▸ Your instructions
Lines before the one containing "#1151=CARTESIAN_POINT('',(-0.0477,2.56,0.78123));" are excluded; print that line and every line after it through the end of the material below, exactly.

::::

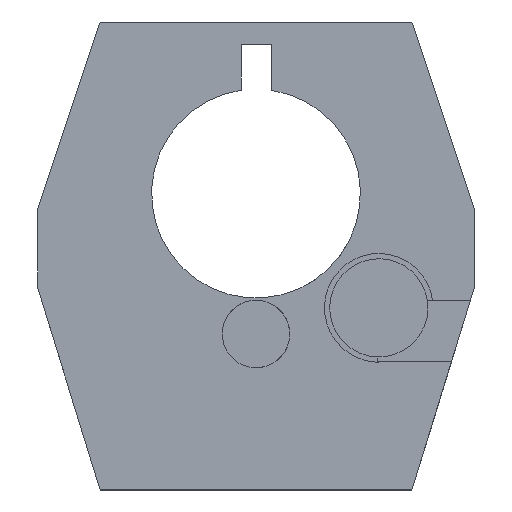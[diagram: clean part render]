
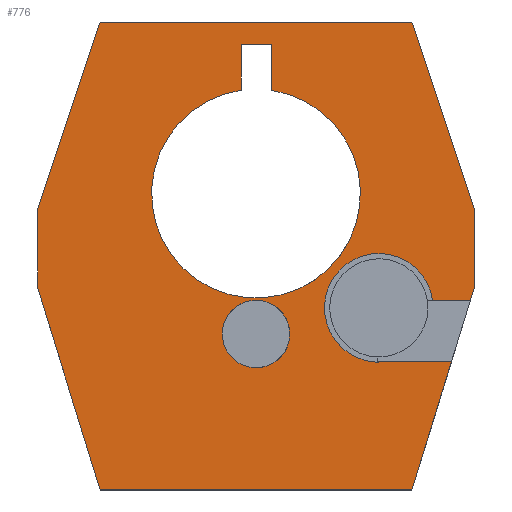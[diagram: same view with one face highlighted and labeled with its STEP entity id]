
A CAD part, front view. The second image highlights one B-rep face of the part: STEP entity #776.
In plain terms, the highlighted planar face has unit normal (0, -1, 0).
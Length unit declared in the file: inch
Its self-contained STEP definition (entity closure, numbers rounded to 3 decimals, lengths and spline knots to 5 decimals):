
#29=FACE_BOUND('',#122,.T.);
#30=FACE_BOUND('',#123,.T.);
#40=CIRCLE('',#836,0.10827);
#41=CIRCLE('',#837,0.10827);
#43=CIRCLE('',#844,0.17421);
#44=CIRCLE('',#846,0.33465);
#77=FACE_OUTER_BOUND('',#121,.T.);
#121=EDGE_LOOP('',(#650,#651,#652,#653,#654,#655,#656,#657,#658,#659,#660,
#661,#662,#663,#664,#665));
#122=EDGE_LOOP('',(#666,#667,#668,#669));
#123=EDGE_LOOP('',(#670,#671));
#162=LINE('',#1124,#253);
#166=LINE('',#1132,#257);
#168=LINE('',#1140,#259);
#174=LINE('',#1152,#265);
#177=LINE('',#1157,#268);
#180=LINE('',#1163,#271);
#184=LINE('',#1172,#275);
#187=LINE('',#1177,#278);
#194=LINE('',#1193,#285);
#203=LINE('',#1226,#294);
#206=LINE('',#1230,#297);
#210=LINE('',#1284,#301);
#212=LINE('',#1289,#303);
#213=LINE('',#1291,#304);
#214=LINE('',#1293,#305);
#215=LINE('',#1295,#306);
#216=LINE('',#1296,#307);
#217=LINE('',#1299,#308);
#253=VECTOR('',#906,0.3937);
#257=VECTOR('',#910,0.3937);
#259=VECTOR('',#918,0.3937);
#265=VECTOR('',#926,0.3937);
#268=VECTOR('',#931,0.3937);
#271=VECTOR('',#936,0.3937);
#275=VECTOR('',#944,0.3937);
#278=VECTOR('',#949,0.3937);
#285=VECTOR('',#962,0.3937);
#294=VECTOR('',#997,0.3937);
#297=VECTOR('',#1002,0.3937);
#301=VECTOR('',#1022,0.3937);
#303=VECTOR('',#1030,0.3937);
#304=VECTOR('',#1031,0.3937);
#305=VECTOR('',#1032,0.3937);
#306=VECTOR('',#1033,0.3937);
#307=VECTOR('',#1034,0.3937);
#308=VECTOR('',#1037,0.3937);
#337=VERTEX_POINT('',#1121);
#338=VERTEX_POINT('',#1123);
#341=VERTEX_POINT('',#1129);
#342=VERTEX_POINT('',#1131);
#345=VERTEX_POINT('',#1139);
#349=VERTEX_POINT('',#1149);
#350=VERTEX_POINT('',#1151);
#351=VERTEX_POINT('',#1155);
#353=VERTEX_POINT('',#1161);
#355=VERTEX_POINT('',#1169);
#356=VERTEX_POINT('',#1171);
#357=VERTEX_POINT('',#1175);
#363=VERTEX_POINT('',#1191);
#373=VERTEX_POINT('',#1223);
#374=VERTEX_POINT('',#1225);
#375=VERTEX_POINT('',#1232);
#376=VERTEX_POINT('',#1233);
#380=VERTEX_POINT('',#1283);
#381=VERTEX_POINT('',#1290);
#382=VERTEX_POINT('',#1292);
#383=VERTEX_POINT('',#1294);
#384=VERTEX_POINT('',#1297);
#416=EDGE_CURVE('',#338,#337,#162,.T.);
#420=EDGE_CURVE('',#342,#341,#166,.T.);
#424=EDGE_CURVE('',#345,#342,#168,.T.);
#430=EDGE_CURVE('',#350,#349,#174,.T.);
#433=EDGE_CURVE('',#349,#351,#177,.T.);
#436=EDGE_CURVE('',#337,#353,#180,.T.);
#440=EDGE_CURVE('',#356,#355,#184,.T.);
#443=EDGE_CURVE('',#355,#357,#187,.T.);
#451=EDGE_CURVE('',#341,#363,#194,.T.);
#466=EDGE_CURVE('',#373,#374,#203,.T.);
#469=EDGE_CURVE('',#345,#373,#206,.T.);
#470=EDGE_CURVE('',#375,#376,#40,.T.);
#471=EDGE_CURVE('',#376,#375,#41,.T.);
#478=EDGE_CURVE('',#380,#338,#210,.T.);
#480=EDGE_CURVE('',#363,#380,#43,.T.);
#481=EDGE_CURVE('',#353,#356,#212,.T.);
#482=EDGE_CURVE('',#357,#381,#213,.T.);
#483=EDGE_CURVE('',#381,#382,#214,.T.);
#484=EDGE_CURVE('',#382,#383,#215,.T.);
#485=EDGE_CURVE('',#383,#374,#216,.T.);
#486=EDGE_CURVE('',#384,#350,#44,.T.);
#487=EDGE_CURVE('',#351,#384,#217,.T.);
#650=ORIENTED_EDGE('',*,*,#451,.T.);
#651=ORIENTED_EDGE('',*,*,#480,.T.);
#652=ORIENTED_EDGE('',*,*,#478,.T.);
#653=ORIENTED_EDGE('',*,*,#416,.T.);
#654=ORIENTED_EDGE('',*,*,#436,.T.);
#655=ORIENTED_EDGE('',*,*,#481,.T.);
#656=ORIENTED_EDGE('',*,*,#440,.T.);
#657=ORIENTED_EDGE('',*,*,#443,.T.);
#658=ORIENTED_EDGE('',*,*,#482,.T.);
#659=ORIENTED_EDGE('',*,*,#483,.T.);
#660=ORIENTED_EDGE('',*,*,#484,.T.);
#661=ORIENTED_EDGE('',*,*,#485,.T.);
#662=ORIENTED_EDGE('',*,*,#466,.F.);
#663=ORIENTED_EDGE('',*,*,#469,.F.);
#664=ORIENTED_EDGE('',*,*,#424,.T.);
#665=ORIENTED_EDGE('',*,*,#420,.T.);
#666=ORIENTED_EDGE('',*,*,#486,.T.);
#667=ORIENTED_EDGE('',*,*,#430,.T.);
#668=ORIENTED_EDGE('',*,*,#433,.T.);
#669=ORIENTED_EDGE('',*,*,#487,.T.);
#670=ORIENTED_EDGE('',*,*,#470,.T.);
#671=ORIENTED_EDGE('',*,*,#471,.T.);
#736=PLANE('',#845);
#776=ADVANCED_FACE('',(#77,#29,#30),#736,.T.);
#836=AXIS2_PLACEMENT_3D('',#1234,#1005,#1006);
#837=AXIS2_PLACEMENT_3D('',#1235,#1007,#1008);
#844=AXIS2_PLACEMENT_3D('',#1287,#1026,#1027);
#845=AXIS2_PLACEMENT_3D('',#1288,#1028,#1029);
#846=AXIS2_PLACEMENT_3D('',#1298,#1035,#1036);
#906=DIRECTION('',(0.294,0.,0.956));
#910=DIRECTION('',(0.294,0.,0.956));
#918=DIRECTION('',(1.,0.,0.));
#926=DIRECTION('',(0.,0.,1.));
#931=DIRECTION('',(1.,0.,0.));
#936=DIRECTION('',(0.,0.,1.));
#944=DIRECTION('',(-1.,0.,0.));
#949=DIRECTION('',(-0.316,0.,-0.949));
#962=DIRECTION('',(-1.,0.,0.));
#997=DIRECTION('',(-1.,0.,0.));
#1002=DIRECTION('',(0.,0.,1.));
#1005=DIRECTION('center_axis',(0.,1.,0.));
#1006=DIRECTION('ref_axis',(1.,0.,0.));
#1007=DIRECTION('center_axis',(0.,1.,0.));
#1008=DIRECTION('ref_axis',(1.,0.,0.));
#1022=DIRECTION('',(1.,0.,0.));
#1026=DIRECTION('center_axis',(0.,1.,0.));
#1027=DIRECTION('ref_axis',(1.,0.,0.));
#1028=DIRECTION('center_axis',(0.,-1.,0.));
#1029=DIRECTION('ref_axis',(0.,0.,-1.));
#1030=DIRECTION('',(-0.316,0.,0.949));
#1031=DIRECTION('',(0.,0.,-1.));
#1032=DIRECTION('',(0.294,0.,-0.956));
#1033=DIRECTION('',(0.294,0.,-0.956));
#1034=DIRECTION('',(0.,0.,1.));
#1035=DIRECTION('center_axis',(0.,1.,0.));
#1036=DIRECTION('ref_axis',(-1.,0.,0.));
#1037=DIRECTION('',(0.,0.,-1.));
#1121=CARTESIAN_POINT('',(0.7,2.56,0.15));
#1123=CARTESIAN_POINT('',(0.68699,2.56,0.10773));
#1124=CARTESIAN_POINT('',(0.5,2.56,-0.5));
#1129=CARTESIAN_POINT('',(0.6264,2.56,-0.08921));
#1131=CARTESIAN_POINT('',(0.5,2.56,-0.5));
#1132=CARTESIAN_POINT('',(0.5,2.56,-0.5));
#1139=CARTESIAN_POINT('',(0.43,2.56,-0.5));
#1140=CARTESIAN_POINT('',(0.43,2.56,-0.5));
#1149=CARTESIAN_POINT('',(-0.0477,2.56,0.92834));
#1151=CARTESIAN_POINT('',(-0.0477,2.56,0.78123));
#1152=CARTESIAN_POINT('',(-0.0477,2.56,0.54213));
#1155=CARTESIAN_POINT('',(0.05072,2.56,0.92834));
#1157=CARTESIAN_POINT('',(-0.22464,2.56,0.92834));
#1161=CARTESIAN_POINT('',(0.7,2.56,0.4));
#1163=CARTESIAN_POINT('',(0.7,2.56,0.15));
#1169=CARTESIAN_POINT('',(-0.5,2.56,1.));
#1171=CARTESIAN_POINT('',(0.5,2.56,1.));
#1172=CARTESIAN_POINT('',(0.5,2.56,1.));
#1175=CARTESIAN_POINT('',(-0.7,2.56,0.4));
#1177=CARTESIAN_POINT('',(-0.7,2.56,0.4));
#1191=CARTESIAN_POINT('',(0.41433,2.56,-0.08921));
#1193=CARTESIAN_POINT('',(0.10264,2.56,-0.08921));
#1223=CARTESIAN_POINT('',(0.43,2.56,-0.49997));
#1225=CARTESIAN_POINT('',(-0.5,2.56,-0.49997));
#1226=CARTESIAN_POINT('',(-0.14192,2.56,-0.49997));
#1230=CARTESIAN_POINT('',(0.43,2.56,-0.5));
#1232=CARTESIAN_POINT('',(-0.05174,2.56,0.0951));
#1233=CARTESIAN_POINT('',(-0.10827,2.56,0.));
#1234=CARTESIAN_POINT('Origin',(0.,2.56,0.));
#1235=CARTESIAN_POINT('Origin',(0.,2.56,0.));
#1283=CARTESIAN_POINT('',(0.56626,2.56,0.10773));
#1284=CARTESIAN_POINT('',(0.03313,2.56,0.10773));
#1287=CARTESIAN_POINT('Origin',(0.3937,2.56,0.08378));
#1288=CARTESIAN_POINT('Origin',(-0.5,2.56,0.29994));
#1289=CARTESIAN_POINT('',(0.7,2.56,0.4));
#1290=CARTESIAN_POINT('',(-0.7,2.56,0.15));
#1291=CARTESIAN_POINT('',(-0.7,2.56,0.4));
#1292=CARTESIAN_POINT('',(-0.60447,2.56,-0.16048));
#1293=CARTESIAN_POINT('',(-0.7,2.56,0.15));
#1294=CARTESIAN_POINT('',(-0.5,2.56,-0.5));
#1295=CARTESIAN_POINT('',(-0.60447,2.56,-0.16048));
#1296=CARTESIAN_POINT('',(-0.5,2.56,-0.5));
#1297=CARTESIAN_POINT('',(0.05072,2.56,0.78078));
#1298=CARTESIAN_POINT('Origin',(0.,2.56,0.45));
#1299=CARTESIAN_POINT('',(0.05072,2.56,0.46835));

::::

▸ Solution to the problem
#1151=CARTESIAN_POINT('',(-0.0477,2.56,0.78123));
#1152=CARTESIAN_POINT('',(-0.0477,2.56,0.54213));
#1155=CARTESIAN_POINT('',(0.05072,2.56,0.92834));
#1157=CARTESIAN_POINT('',(-0.22464,2.56,0.92834));
#1161=CARTESIAN_POINT('',(0.7,2.56,0.4));
#1163=CARTESIAN_POINT('',(0.7,2.56,0.15));
#1169=CARTESIAN_POINT('',(-0.5,2.56,1.));
#1171=CARTESIAN_POINT('',(0.5,2.56,1.));
#1172=CARTESIAN_POINT('',(0.5,2.56,1.));
#1175=CARTESIAN_POINT('',(-0.7,2.56,0.4));
#1177=CARTESIAN_POINT('',(-0.7,2.56,0.4));
#1191=CARTESIAN_POINT('',(0.41433,2.56,-0.08921));
#1193=CARTESIAN_POINT('',(0.10264,2.56,-0.08921));
#1223=CARTESIAN_POINT('',(0.43,2.56,-0.49997));
#1225=CARTESIAN_POINT('',(-0.5,2.56,-0.49997));
#1226=CARTESIAN_POINT('',(-0.14192,2.56,-0.49997));
#1230=CARTESIAN_POINT('',(0.43,2.56,-0.5));
#1232=CARTESIAN_POINT('',(-0.05174,2.56,0.0951));
#1233=CARTESIAN_POINT('',(-0.10827,2.56,0.));
#1234=CARTESIAN_POINT('Origin',(0.,2.56,0.));
#1235=CARTESIAN_POINT('Origin',(0.,2.56,0.));
#1283=CARTESIAN_POINT('',(0.56626,2.56,0.10773));
#1284=CARTESIAN_POINT('',(0.03313,2.56,0.10773));
#1287=CARTESIAN_POINT('Origin',(0.3937,2.56,0.08378));
#1288=CARTESIAN_POINT('Origin',(-0.5,2.56,0.29994));
#1289=CARTESIAN_POINT('',(0.7,2.56,0.4));
#1290=CARTESIAN_POINT('',(-0.7,2.56,0.15));
#1291=CARTESIAN_POINT('',(-0.7,2.56,0.4));
#1292=CARTESIAN_POINT('',(-0.60447,2.56,-0.16048));
#1293=CARTESIAN_POINT('',(-0.7,2.56,0.15));
#1294=CARTESIAN_POINT('',(-0.5,2.56,-0.5));
#1295=CARTESIAN_POINT('',(-0.60447,2.56,-0.16048));
#1296=CARTESIAN_POINT('',(-0.5,2.56,-0.5));
#1297=CARTESIAN_POINT('',(0.05072,2.56,0.78078));
#1298=CARTESIAN_POINT('Origin',(0.,2.56,0.45));
#1299=CARTESIAN_POINT('',(0.05072,2.56,0.46835));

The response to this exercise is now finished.